Ronhic - Are you SURE it was a Bosch ? that doesn't ring any bells with me. I thought it was a longer name. It certainly was the same manufacturer as the one I have linked here, whoever that was.

Chris

 
It certainly looks like a Bosch

and is similar to the very first (Bosch) dishwasher my parents bought in 1971; when we were still living in Germany. Ours had only one control dial on the left and the little orage light on right of the dash. I've never come accross plastic interiors in any German machines though and I would be very surprised if they'd dumbed down their machines for export like that.

Surely Simpson manufactured dishwashers locally during the 50s and 60s?
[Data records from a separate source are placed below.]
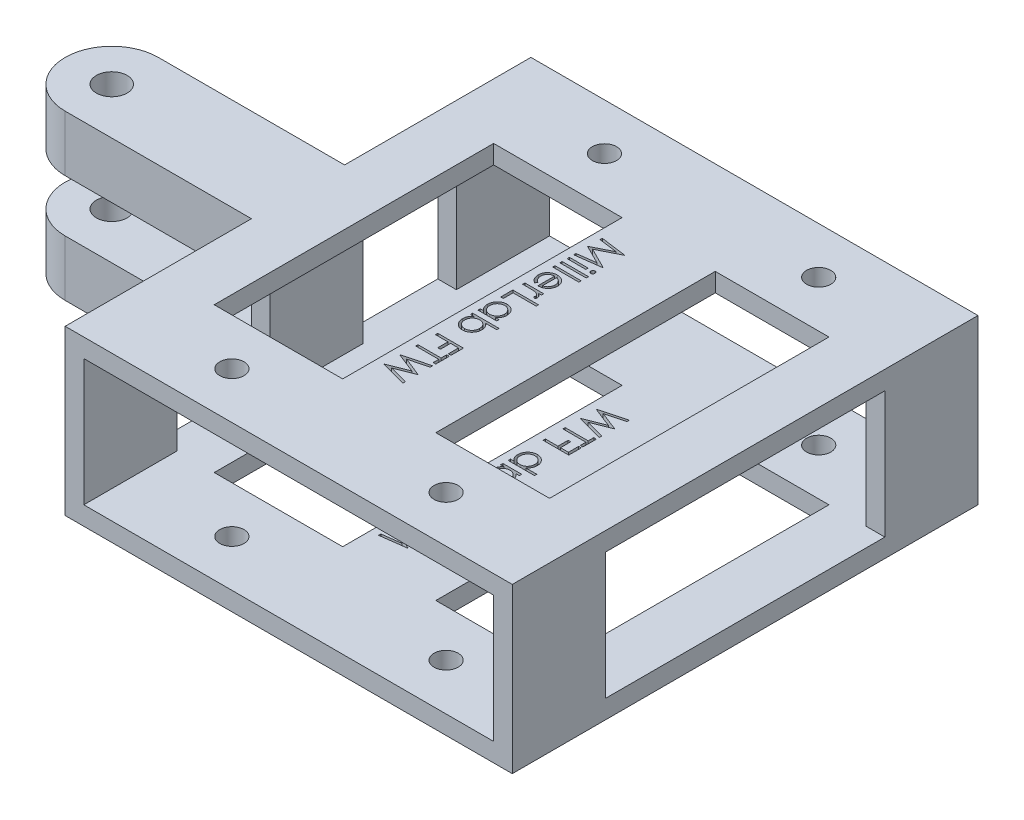
from build123d import *

# Parameters (mm, degrees)
SKETCH1_W             = 60.96
SKETCH1_H             = 22.352
SKETCH1_W_2           = 55.88
SKETCH1_H_2           = 17.272
BOSS_EXTRUDE1_DEPTH   = 12.7
SKETCH2_W             = 7.62
SKETCH2_H             = 2.54
SKETCH2_W_2           = 12.7
BOSS_EXTRUDE2_DEPTH   = 38.1
SKETCH4_W             = 60.96
SKETCH4_H             = 22.352
SKETCH4_W_2           = 55.88
SKETCH4_H_2           = 17.272
BOSS_EXTRUDE3_DEPTH   = 12.7
SKETCH6_W             = 12.7
SKETCH6_H             = 22.352
BOSS_EXTRUDE4_DEPTH   = 2.54
SKETCH7_W             = 12.7
SKETCH7_H             = 5.08
BOSS_EXTRUDE5_DEPTH   = 25.4
SKETCH8_W             = 6.35
SKETCH8_H             = 5.08
REVOLVE2_ANGLE        = 180
SKETCH10_R            = 2.0955
CUT_EXTRUDE4_DEPTH    = 20.812
SKETCH11_W            = 2.557692308
SKETCH11_H            = 0.314102564
SKETCH11_W_2          = 3.58974359
CUT_EXTRUDE7_DEPTH    = 2.54
SKETCH14_W            = 2.557692308
SKETCH14_H            = 0.314102564
SKETCH14_W_2          = 3.58974359
CUT_EXTRUDE8_DEPTH    = 2.54
M4X0_7_TAPPED_HOLE1_D = 3.3
SKETCH17_R            = 2.0955
BOSS_EXTRUDE6_DEPTH   = 2.54
SKETCH18_R            = 2.0955
BOSS_EXTRUDE7_DEPTH   = 2.54


with BuildPart() as part:
    # Sketch1 → Boss-Extrude1 (new body)
    with BuildSketch(Plane.XY):
        Rectangle(SKETCH1_W, SKETCH1_H)
        Rectangle(SKETCH1_W_2, SKETCH1_H_2, mode=Mode.SUBTRACT)
    extrude(amount=-BOSS_EXTRUDE1_DEPTH)

    # Sketch2 → Boss-Extrude2 (add)
    with BuildSketch(Plane(origin=(0, 0, -12.7), x_dir=(-1, 0, 0), z_dir=(0, 0, -1))):
        with Locations((-26.67, 9.906)):
            Rectangle(SKETCH2_W, SKETCH2_H)
        with Locations((-1.00660043, 9.906)):
            Rectangle(SKETCH2_W_2, SKETCH2_H)
        with Locations((26.67, 9.906)):
            Rectangle(SKETCH2_W, SKETCH2_H)
        with Locations((26.67, -9.906)):
            Rectangle(SKETCH2_W, SKETCH2_H)
        with Locations((-1.00660043, -9.906)):
            Rectangle(SKETCH2_W_2, SKETCH2_H)
        with Locations((-26.67, -9.906)):
            Rectangle(SKETCH2_W, SKETCH2_H)
    extrude(amount=BOSS_EXTRUDE2_DEPTH)

    # Sketch4 → Boss-Extrude3 (add)
    with BuildSketch(Plane(origin=(0, 0, -50.8), x_dir=(-1, 0, 0), z_dir=(0, 0, -1))):
        Rectangle(SKETCH4_W, SKETCH4_H)
        Rectangle(SKETCH4_W_2, SKETCH4_H_2, mode=Mode.SUBTRACT)
    extrude(amount=BOSS_EXTRUDE3_DEPTH)

    # Sketch6 → Boss-Extrude4 (add)
    with BuildSketch(Plane.ZY.offset(30.48)):
        with Locations((-31.75, 0)):
            Rectangle(SKETCH6_W, SKETCH6_H)
    extrude(amount=-BOSS_EXTRUDE4_DEPTH)

    # Sketch7 → Boss-Extrude5 (add)
    with BuildSketch(Plane.ZY.offset(30.48)):
        with Locations((-31.75, 6.096)):
            Rectangle(SKETCH7_W, SKETCH7_H)
        with Locations((-31.75, -6.096)):
            Rectangle(SKETCH7_W, SKETCH7_H)
    extrude(amount=BOSS_EXTRUDE5_DEPTH)

    # Sketch8 → Revolve2 (revolve)
    with BuildSketch(Plane.ZY.offset(55.88)):
        with Locations((-28.575, 6.096)):
            Rectangle(SKETCH8_W, SKETCH8_H)
        with Locations((-28.575, -6.096)):
            Rectangle(SKETCH8_W, SKETCH8_H)
    revolve(axis=Axis((-55.88, 8.636, -31.75), (0, -1, 0)), revolution_arc=REVOLVE2_ANGLE)

    # Sketch10 → Cut-Extrude4 (cut, through all)
    with BuildSketch(Plane(origin=(0, 8.636, 0), x_dir=(1, 0, 0), z_dir=(0, 1, 0))):
        with Locations((-55.88, 31.75)):
            Circle(SKETCH10_R)
    extrude(amount=-CUT_EXTRUDE4_DEPTH, mode=Mode.SUBTRACT)

    # Sketch11 → Cut-Extrude7 (cut)
    with BuildSketch(Plane(origin=(0, -11.176, 0), x_dir=(-1, 0, 0), z_dir=(0, -1, 0))):
        Polygon((4.247617225, 16.493589744), (0.747617225, 16.955629006), (0.747617225, 17.000500801), (3.619412097, 18.445512821), (0.747617225, 19.887019231), (0.747617225, 19.932592147), (4.247617225, 20.397435897), (4.247617225, 20.08193109), (1.729187738, 19.746794872), (4.247617225, 18.483373397), (4.247617225, 18.412560096), (1.723578763, 17.144230769), (4.247617225, 16.809795673), align=None)
        with BuildLine():
            add(Edge.make_bspline(
                [(0.61300184, 21.136418269), (0.613905993, 21.155909585), (0.615676497, 21.194077325), (0.630837974, 21.249270593), (0.656537659, 21.299527605), (0.69101734, 21.344105338), (0.731566784, 21.382357224), (0.778827752, 21.409137935), (0.829886391, 21.426350331), (0.86550148, 21.428428886), (0.883634853, 21.429487179)],
                knots=[0, 0, 0, 0, 5.84e-05, 0.000114358, 0.000170171, 0.000226684, 0.000282761, 0.000336156, 0.000388483, 0.00044276, 0.00044276, 0.00044276, 0.00044276], degree=3))
            add(Edge.make_bspline(
                [(0.883634853, 21.429487179), (0.901297506, 21.42840502), (0.936214481, 21.426265718), (0.986387953, 21.40915123), (1.032992237, 21.382128992), (1.073462947, 21.344129866), (1.107923567, 21.299521105), (1.133628306, 21.249272319), (1.148788443, 21.194076871), (1.150559132, 21.155909431), (1.151463379, 21.136418269)],
                knots=[0, 0, 0, 0, 5.2882e-05, 0.000104542, 0.000157332, 0.000213408, 0.000269922, 0.000325735, 0.000381693, 0.000440092, 0.000440092, 0.000440092, 0.000440092], degree=3))
            add(Edge.make_bspline(
                [(1.151463379, 21.136418269), (1.150593659, 21.117149994), (1.148900862, 21.079646814), (1.133330844, 21.025279972), (1.107914771, 20.975451482), (1.073688586, 20.93078681), (1.032743689, 20.893556616), (0.986416395, 20.866458291), (0.93620724, 20.849383329), (0.901295074, 20.8472387), (0.883634853, 20.846153846)],
                knots=[0, 0, 0, 0, 5.7701e-05, 0.000112308, 0.000168121, 0.000224634, 0.000280239, 0.000333029, 0.000384689, 0.000437571, 0.000437571, 0.000437571, 0.000437571], degree=3))
            add(Edge.make_bspline(
                [(0.883634853, 20.846153846), (0.865504004, 20.847214933), (0.829893871, 20.849298974), (0.778798838, 20.86647109), (0.731817336, 20.893330898), (0.690791837, 20.930811461), (0.656546402, 20.975444922), (0.631135421, 21.025281667), (0.615564081, 21.079646366), (0.613871467, 21.117149842), (0.61300184, 21.136418269)],
                knots=[0, 0, 0, 0, 5.4277e-05, 0.000106603, 0.000159999, 0.000215605, 0.000272118, 0.000327931, 0.000382538, 0.000440239, 0.000440239, 0.000440239, 0.000440239], degree=3))
        make_face()
        with Locations((2.968771071, 21.137820513)):
            Rectangle(SKETCH11_W, SKETCH11_H)
        with Locations((2.45274543, 22.125)):
            Rectangle(SKETCH11_W_2, SKETCH11_H)
        with Locations((2.45274543, 23.112179487)):
            Rectangle(SKETCH11_W_2, SKETCH11_H)
        with BuildLine():
            Line((3.439924917, 26.086338141), (3.586459372, 26.365384615))
            add(Edge.make_bspline(
                [(3.586459372, 26.365384615), (3.625893354, 26.343136354), (3.702616265, 26.299850049), (3.808030234, 26.225713126), (3.902297768, 26.147284659), (3.983909375, 26.062178381), (4.055982557, 25.972958905), (4.118149707, 25.877931674), (4.171532545, 25.777872338), (4.215274799, 25.671678794), (4.249663078, 25.559478251), (4.275059057, 25.440619641), (4.289786311, 25.314541759), (4.291573757, 25.228203797), (4.29248902, 25.183994391)],
                knots=[0, 0, 0, 0, 0.000135759, 0.000264133, 0.000386042, 0.00050306, 0.000617265, 0.000729664, 0.000843204, 0.000957002, 0.001073654, 0.001194802, 0.001321164, 0.001453767, 0.001453767, 0.001453767, 0.001453767], degree=3))
            add(Edge.make_bspline(
                [(4.29248902, 25.183994391), (4.291341844, 25.134852414), (4.289104038, 25.038990652), (4.269811574, 24.899450904), (4.238339213, 24.76807149), (4.194373678, 24.644859772), (4.136946332, 24.530117572), (4.06698693, 24.423616521), (3.984854375, 24.324797737), (3.889839071, 24.236770712), (3.788152887, 24.157537276), (3.682212278, 24.087573696), (3.572384128, 24.029353967), (3.459321889, 23.981271988), (3.343282485, 23.943344417), (3.223601343, 23.916392501), (3.100753036, 23.900999352), (3.017657427, 23.898629938), (2.975782289, 23.897435897)],
                knots=[0, 0, 0, 0, 0.000147371, 0.000287478, 0.000421649, 0.000552053, 0.000679042, 0.000805636, 0.000933558, 0.00106351, 0.001193382, 0.001319977, 0.001443869, 0.00156576, 0.001688149, 0.001809597, 0.001933259, 0.002058885, 0.002058885, 0.002058885, 0.002058885], degree=3))
            add(Edge.make_bspline(
                [(2.975782289, 23.897435897), (2.936487459, 23.898495039), (2.858610294, 23.900594117), (2.743344749, 23.913824904), (2.631316297, 23.937273197), (2.522431849, 23.969449521), (2.416873715, 24.011000768), (2.314577651, 24.061832987), (2.215652511, 24.122025365), (2.153249378, 24.168498038), (2.121815943, 24.191907051)],
                knots=[0, 0, 0, 0, 0.000117891, 0.000233644, 0.000347498, 0.000460856, 0.000573868, 0.000687374, 0.000803169, 0.000920699, 0.000920699, 0.000920699, 0.000920699], degree=3))
            add(Edge.make_bspline(
                [(2.121815943, 24.191907051), (2.083884284, 24.223560071), (2.009344387, 24.285761747), (1.912294563, 24.392058508), (1.829276736, 24.505608288), (1.761550628, 24.627553262), (1.709458542, 24.757688021), (1.672406131, 24.895341339), (1.649350429, 25.040893688), (1.646507336, 25.140671415), (1.645053122, 25.191706731)],
                knots=[0, 0, 0, 0, 0.000148071, 0.000290976, 0.000430515, 0.000569233, 0.000708282, 0.00084996, 0.000996123, 0.001149162, 0.001149162, 0.001149162, 0.001149162], degree=3))
            add(Edge.make_bspline(
                [(1.645053122, 25.191706731), (1.64640039, 25.244157352), (1.649043421, 25.347053514), (1.673765573, 25.497043025), (1.712494308, 25.639244931), (1.768920238, 25.772485713), (1.838864031, 25.898818414), (1.927269712, 26.015335502), (2.029596658, 26.125235447), (2.108372465, 26.189137332), (2.148458571, 26.221654647)],
                knots=[0, 0, 0, 0, 0.000157241, 0.00030847, 0.000454763, 0.000598385, 0.000741531, 0.000886803, 0.001036096, 0.001190777, 0.001190777, 0.001190777, 0.001190777], degree=3))
            add(Edge.make_bspline(
                [(2.148458571, 26.221654647), (2.178662153, 26.243781586), (2.238868271, 26.287888179), (2.337039428, 26.343135279), (2.439750023, 26.391092674), (2.54866032, 26.429425635), (2.6624799, 26.460465136), (2.782022445, 26.482921955), (2.907252356, 26.496091573), (2.992578911, 26.498680271), (3.036078763, 26.5)],
                knots=[0, 0, 0, 0, 0.000112234, 0.000223721, 0.000337279, 0.000451932, 0.000569628, 0.000690912, 0.000816421, 0.00094695, 0.00094695, 0.00094695, 0.00094695], degree=3))
            Line((3.036078763, 26.5), (3.036078763, 24.211538462))
            add(Edge.make_bspline(
                [(3.036078763, 24.211538462), (3.069779228, 24.213078068), (3.136049831, 24.216105642), (3.233020615, 24.230220785), (3.325393957, 24.252469559), (3.412476999, 24.283738621), (3.495407126, 24.321605467), (3.573569163, 24.367991184), (3.646607093, 24.423330737), (3.715174231, 24.485056437), (3.776234992, 24.553763532), (3.830886768, 24.626046279), (3.876692365, 24.702939844), (3.913872255, 24.783837928), (3.942978571, 24.868609713), (3.962846391, 24.957281908), (3.976153498, 25.049680025), (3.977633163, 25.112665759), (3.978386456, 25.144731571)],
                knots=[0, 0, 0, 0, 0.000101159, 0.000198924, 0.000293472, 0.000385722, 0.000476069, 0.000566611, 0.000657757, 0.000750573, 0.000842919, 0.000933083, 0.001022062, 0.001110842, 0.001199752, 0.001290403, 0.001383113, 0.001479259, 0.001479259, 0.001479259, 0.001479259], degree=3))
            add(Edge.make_bspline(
                [(3.978386456, 25.144731571), (3.977783296, 25.176084086), (3.97658651, 25.238293491), (3.96478247, 25.330914198), (3.946074092, 25.422195018), (3.919128337, 25.511229558), (3.887575222, 25.596720251), (3.850437409, 25.676326669), (3.808096098, 25.748996376), (3.759980502, 25.817180712), (3.700930029, 25.882958118), (3.627948805, 25.949242628), (3.540209077, 26.018748352), (3.4746109, 26.062960389), (3.439924917, 26.086338141)],
                knots=[0, 0, 0, 0, 9.4016e-05, 0.000186545, 0.000279636, 0.000373251, 0.000465322, 0.000552831, 0.000636406, 0.000717339, 0.000802755, 0.000900997, 0.001012795, 0.001138241, 0.001138241, 0.001138241, 0.001138241], degree=3))
        make_face()
        with BuildLine():
            add(Edge.make_bspline(
                [(2.721976199, 26.185897436), (2.680292506, 26.174447368), (2.600273356, 26.152466957), (2.489504895, 26.105655852), (2.390493119, 26.054207803), (2.304883383, 25.992274475), (2.228728754, 25.922787657), (2.163242181, 25.841416914), (2.102884461, 25.751691387), (2.052620849, 25.651823925), (2.011316259, 25.545752804), (1.980944618, 25.435658203), (1.963091257, 25.322462266), (1.96047371, 25.246222059), (1.959155687, 25.207832532)],
                knots=[0, 0, 0, 0, 0.000129543, 0.00024868, 0.000360034, 0.000463544, 0.000564759, 0.000668354, 0.000776083, 0.000888652, 0.001002969, 0.001117099, 0.00123064, 0.001345797, 0.001345797, 0.001345797, 0.001345797], degree=3))
            add(Edge.make_bspline(
                [(1.959155687, 25.207832532), (1.959760225, 25.176480698), (1.960955271, 25.114504713), (1.972528457, 25.023238257), (1.99112528, 24.935362925), (2.018469047, 24.851141019), (2.051741006, 24.770013865), (2.092638976, 24.692040085), (2.142085337, 24.618222044), (2.179857154, 24.572085873), (2.19893934, 24.548778045)],
                knots=[0, 0, 0, 0, 9.4016e-05, 0.000185849, 0.000275511, 0.000363095, 0.000451113, 0.0005383, 0.000626778, 0.000717114, 0.000717114, 0.000717114, 0.000717114], degree=3))
            add(Edge.make_bspline(
                [(2.19893934, 24.548778045), (2.214032069, 24.532082147), (2.244576075, 24.498293718), (2.297230043, 24.45319403), (2.354040592, 24.40969064), (2.417487555, 24.371031539), (2.485731038, 24.334291803), (2.559268997, 24.300812377), (2.638411838, 24.270371333), (2.693588551, 24.253282931), (2.721976199, 24.244491186)],
                knots=[0, 0, 0, 0, 6.7454e-05, 0.00013651, 0.000207604, 0.000281922, 0.000359087, 0.000440033, 0.000524147, 0.00061328, 0.00061328, 0.00061328, 0.00061328], degree=3))
            Line((2.721976199, 24.244491186), (2.721976199, 26.185897436))
        make_face(mode=Mode.SUBTRACT)
        with BuildLine():
            Line((1.689924917, 27.038461538), (1.689924917, 27.352564103))
            Line((1.689924917, 27.352564103), (2.066427321, 27.352564103))
            add(Edge.make_bspline(
                [(2.066427321, 27.352564103), (2.031355799, 27.375738024), (1.964281786, 27.420057969), (1.875691167, 27.494067787), (1.801504013, 27.569067361), (1.743135084, 27.647026042), (1.699022427, 27.727179508), (1.668025845, 27.808851864), (1.648803921, 27.892242831), (1.646305063, 27.948418293), (1.645053122, 27.9765625)],
                knots=[0, 0, 0, 0, 0.000126023, 0.000241017, 0.000345635, 0.000441829, 0.000532198, 0.000619182, 0.000703214, 0.000787585, 0.000787585, 0.000787585, 0.000787585], degree=3))
            add(Edge.make_bspline(
                [(1.645053122, 27.9765625), (1.646243649, 27.998388826), (1.648693235, 28.043297912), (1.665904059, 28.111280501), (1.693382082, 28.181323953), (1.719222305, 28.226466341), (1.732693347, 28.25)],
                knots=[0, 0, 0, 0, 6.5445e-05, 0.000134658, 0.00020926, 0.000290509, 0.000290509, 0.000290509, 0.000290509], degree=3))
            Line((1.732693347, 28.25), (2.004728603, 28.077524038))
            add(Edge.make_bspline(
                [(2.004728603, 28.077524038), (1.997988337, 28.062415017), (1.985194022, 28.033735203), (1.970052012, 27.991780637), (1.961136096, 27.9530993), (1.959785378, 27.928455741), (1.959155687, 27.916967147)],
                knots=[0, 0, 0, 0, 4.9621e-05, 9.4191e-05, 0.00013366, 0.000168129, 0.000168129, 0.000168129, 0.000168129], degree=3))
            add(Edge.make_bspline(
                [(1.959155687, 27.916967147), (1.960822567, 27.891753846), (1.96422252, 27.840326021), (1.991333186, 27.765074687), (2.033876004, 27.691399312), (2.082319697, 27.633451078), (2.1288541, 27.588424214), (2.169581964, 27.556042035), (2.215672768, 27.526978548), (2.265345001, 27.498786194), (2.319845293, 27.472593368), (2.379262554, 27.449186231), (2.443106141, 27.427296051), (2.487498075, 27.414968511), (2.510237417, 27.408653846)],
                knots=[0, 0, 0, 0, 7.549e-05, 0.000153978, 0.000237202, 0.000329846, 0.000379433, 0.000431335, 0.000485594, 0.00054273, 0.000602625, 0.000666812, 0.000734214, 0.000805, 0.000805, 0.000805, 0.000805], degree=3))
            add(Edge.make_bspline(
                [(2.510237417, 27.408653846), (2.530513468, 27.403913274), (2.575648591, 27.393360613), (2.651025991, 27.38337422), (2.740024618, 27.373109836), (2.842747862, 27.366100296), (2.959590594, 27.35947885), (3.090048753, 27.35582089), (3.234480907, 27.352680486), (3.335221767, 27.352604135), (3.388041904, 27.352564103)],
                knots=[0, 0, 0, 0, 6.2435e-05, 0.000138983, 0.000227868, 0.000331221, 0.000447778, 0.000578955, 0.000722713, 0.000881168, 0.000881168, 0.000881168, 0.000881168], degree=3))
            Line((3.388041904, 27.352564103), (4.247617225, 27.352564103))
            Line((4.247617225, 27.352564103), (4.247617225, 27.038461538))
            Line((4.247617225, 27.038461538), (1.689924917, 27.038461538))
        make_face()
        Polygon((0.747617225, 28.698717949), (0.747617225, 29.012820513), (3.888642866, 29.012820513), (3.888642866, 30.358974359), (4.247617225, 30.358974359), (4.247617225, 28.698717949), align=None)
        with BuildLine():
            Line((1.689924917, 33.455128205), (4.247617225, 33.455128205))
            Line((4.247617225, 33.455128205), (4.247617225, 33.141025641))
            Line((4.247617225, 33.141025641), (3.805209372, 33.141025641))
            add(Edge.make_bspline(
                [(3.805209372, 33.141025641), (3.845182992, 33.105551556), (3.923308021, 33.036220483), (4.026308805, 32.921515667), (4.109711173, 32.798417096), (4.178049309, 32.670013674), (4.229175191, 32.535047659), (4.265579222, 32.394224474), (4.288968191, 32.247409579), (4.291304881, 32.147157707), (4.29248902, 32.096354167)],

I came accross a built-in top loading impeller model dating back to the sixties, which had what appeared to be a Simpson motor, but I couldn't find any info alluding to its origins. Any labeling had come off or was illegible unfortunately.
 
The ASEA New World machine

looks like something from the late sixties or early seventies. It strikes me as some kind of mishmash between US and Euro design elements. The interior reminds me a little of the Australian GE dishwashers that were available during the early eighties, with the stainless center tower and washarms; that was also a design feature of the Toshiba machines. It also doesn't appear to have the salt compartment, which were ubiquitous in Euro dishwashers. Were these New World machines manufactured here?
 
Coming to think of it

KitchenAid sold a dishwasher over here during the eighties. It was advertised as American technology and German quality (i.e. built in Germany). The interior was identical to US KitchenAids bar that this machine had a stainless interior. The control panel had the KitchenAid latch, but looked more European and Zoppas control panel reminds me of it (but then what is mememory, but a fleeting glimpse of things gone by playing tricks on the feeble mind).